By: Lee Berthiaume, The Canadian Press
PERSIAN GULF – Canadian military personnel involved in the fight against the Islamic State of Iraq and the Levant are waiting to see what shape their mission will take in the coming months – a decision that could be heavily influenced by U.S. President Donald Trump.
More than 800 service members are currently deployed in half-a-dozen locations across the Persian Gulf region, after the Liberal government revamped Canada’s contribution to the American-led war against ISIL last year.
Two Canadian surveillance planes have flown hundreds of sorties to identify potential targets for coalition airstrikes.
While the majority of those missions have been over Iraq, a senior Canadian commander revealed Sunday that the aircraft have also flown dozens of times over Syria in recent months.
“We have done work in Syria,” Brig.-Gen. Shane Brennan, commander of Canada’s Joint Task Force-Iraq, told reporters during a media tour of the mission, though he added: “There’s lots of work to do in Iraq. We are looking at all of the areas.”
The flights over Syria have also included a different Canadian plane that has been refuelling coalition aircraft directly responsible for bombing or otherwise destroying ISIL forces and other targets.
The increased Canadian military activity over Syria, which Brennan described as between 20 and 30 missions in the past few months, is only one indication that the war against ISIL is shifting into a new phase.
As Brennan was speaking at an airfield, the location of which the military didn’t want revealed for security reasons, Iraqi forces were launching their long-awaited assault on western Mosul.
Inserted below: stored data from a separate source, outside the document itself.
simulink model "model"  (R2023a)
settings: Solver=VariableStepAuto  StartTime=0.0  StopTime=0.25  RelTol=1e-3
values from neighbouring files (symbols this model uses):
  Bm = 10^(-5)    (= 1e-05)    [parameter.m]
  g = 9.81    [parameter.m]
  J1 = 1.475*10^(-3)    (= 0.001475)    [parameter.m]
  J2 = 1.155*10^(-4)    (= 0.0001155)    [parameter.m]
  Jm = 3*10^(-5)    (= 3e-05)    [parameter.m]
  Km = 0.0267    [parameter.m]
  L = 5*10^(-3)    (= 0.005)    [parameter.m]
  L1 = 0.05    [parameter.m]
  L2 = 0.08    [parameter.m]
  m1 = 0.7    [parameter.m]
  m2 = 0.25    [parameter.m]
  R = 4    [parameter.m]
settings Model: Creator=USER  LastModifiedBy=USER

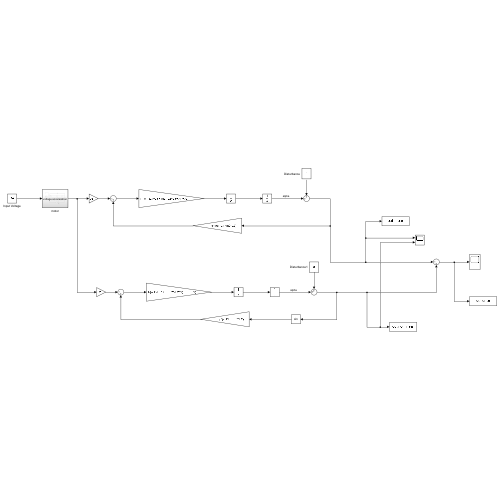
[thumbnail: Simulink's stored preview of the top-level diagram]
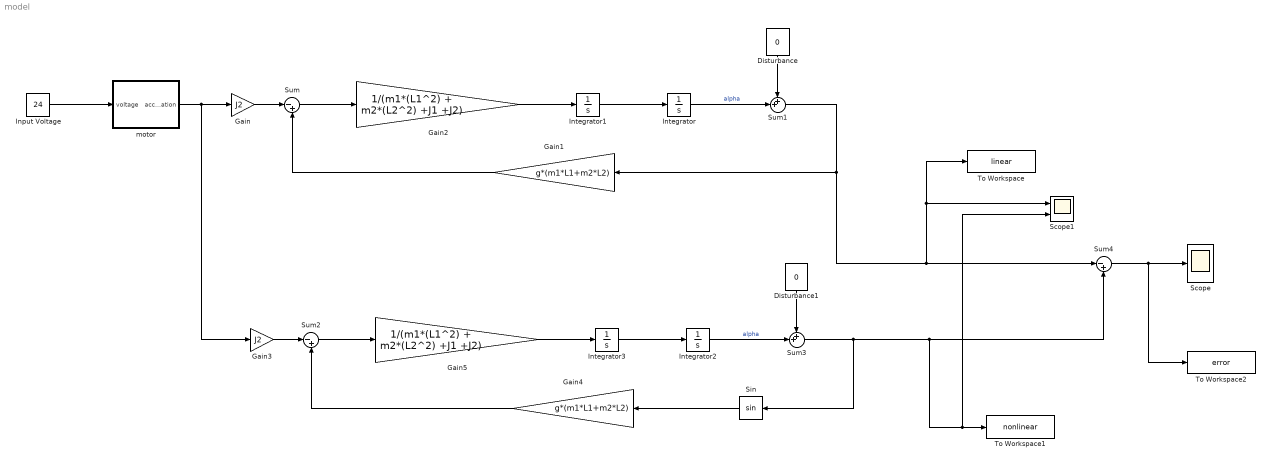
== system model ==
  Disturbance : Constant  Value=0
  Disturbance1 : Constant  Value=0
  Gain : Gain  Gain=J2
  Gain1 : Gain  Gain=g*(m1*L1+m2*L2)
  Gain2 : Gain  Gain=1/(m1*(L1^2) + m2*(L2^2) +J1 +J2)
  Gain3 : Gain  Gain=J2
  Gain4 : Gain  Gain=g*(m1*L1+m2*L2)
  Gain5 : Gain  Gain=1/(m1*(L1^2) + m2*(L2^2) +J1 +J2)
  Input Voltage : Constant  Value=24
  Integrator{,1..3} (4 alike) : Integrator
  Scope : Scope
  Scope1 : Scope  NumInputPorts=2
  Sin : Trigonometry
  Sum : Sum  Inputs=|-+
  Sum1 : Sum  Inputs=++|
  Sum2 : Sum  Inputs=|-+
  Sum3 : Sum  Inputs=++|
  Sum4 : Sum  Inputs=|-+
  To Workspace : ToWorkspace  VariableName=linear  SaveFormat=Timeseries  SampleTime=-1
  To Workspace1 : ToWorkspace  VariableName=nonlinear  SaveFormat=Timeseries  SampleTime=-1
  To Workspace2 : ToWorkspace  VariableName=error  SaveFormat=Timeseries  SampleTime=-1
  motor : Subsystem
  wires:
  Input Voltage/1 -> motor/1(voltage)
  Integrator1/1 -> Integrator/1
  Integrator/1 -> Sum1/2  "alpha"
  motor/1(acceleration) -> Gain3/1, Gain/1
  Gain/1 -> Sum/1
  Gain1/1 -> Sum/2
  Sum/1 -> Gain2/1
  Gain2/1 -> Integrator1/1
  Disturbance/1 -> Sum1/1
  Sum1/1 -> To Workspace/1, Scope1/1, Sum4/1, Gain1/1
  Disturbance1/1 -> Sum3/1
  Gain4/1 -> Sum2/2
  Gain3/1 -> Sum2/1
  Sum2/1 -> Gain5/1
  Gain5/1 -> Integrator3/1
  Integrator3/1 -> Integrator2/1
  Integrator2/1 -> Sum3/2  "alpha"
  Sin/1 -> Gain4/1
  Sum4/1 -> To Workspace2/1, Scope/1
  Sum3/1 -> Scope1/2, To Workspace1/1, Sum4/2, Sin/1

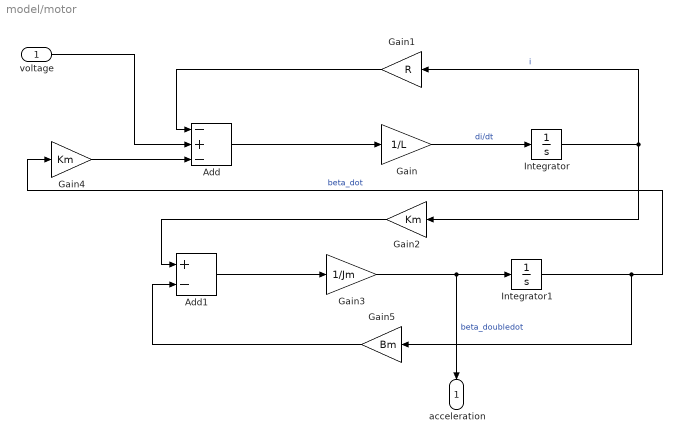
== system model/motor ==
  voltage : Inport
  Add : Sum  Inputs=-+-
  Add1 : Sum  Inputs=+-
  Gain : Gain  Gain=1/L
  Gain1 : Gain  Gain=R
  Gain2 : Gain  Gain=Km
  Gain3 : Gain  Gain=1/Jm
  Gain4 : Gain  Gain=Km
  Gain5 : Gain  Gain=Bm
  Integrator : Integrator
  Integrator1 : Integrator
  acceleration : Outport
  wires:
  Gain/1 -> Integrator/1  "di/dt"
  Integrator1/1 -> Gain5/1, Gain4/1  "beta_dot"
  Gain2/1 -> Add1/1
  Add/1 -> Gain/1
  voltage/1 -> Add/2
  Gain4/1 -> Add/3
  Gain5/1 -> Add1/2
  Integrator/1 -> Gain2/1, Gain1/1  "i"
  Gain1/1 -> Add/1
  Gain3/1 -> acceleration/1, Integrator1/1  "beta_doubledot"
  Add1/1 -> Gain3/1

READ MORE: Mosul civilians trapped indoors as Iraqi forces bombard ISIS targets
The battle, which comes about a month after Iraqi forces declared the eastern part of the city free of ISIL, has been billed as a defining moment in eventually freeing Iraq from the extremist group’s grip.
While the fight for the city’s western half is expected to be much harder than what came before, Brennan was adamant that victory was a certainty.
“There is a battle that is ongoing and will be won,” Brennan said. “It’s an inevitable event.”
Less certain is what role Canadian troops will play when the current mandate, which also includes a military hospital, special forces troops and a helicopter detachment in northern Iraq, expires in March.
Military commanders are drawing up options based on a number of factors, including the expectation that ISIL will become a traditional insurgency in Iraq, which would require more police and counter-terrorism forces.
Canadian Brig.-Gen. David Anderson, who is leading an international team of military advisers in Iraq’s defence ministry, said his group recently submitted a two-year plan focused on exactly that.
There are also concerns that the group will try to spread outside Iraq and Syria, which is why Canada helping strengthen border security in Jordan and Lebanon.
The military will present three options for the government to choose from in the coming weeks in deciding the future of the mission.
Yet one big wild card is what direction the U.S. military will go, after President Trump blasted the slow progress of the fight against ISIL and ordered a 30-day review to consider new options.
U.S. Defence Secretary James Mattis is expected to visit Iraq in the next week or so before presenting his recommendations later this month.
Exactly what Mattis will recommend, both in Iraq and Syria, is wide open for speculation.
But Brennan said the results could have a big impact on what Canada decides to do given the need to ensure a unified and co-ordinated international effort in the fight against ISIL.
“It does depend what happens,” Brennan said. “We are waiting as well. I think the question is: What else needs to be done or could be done?”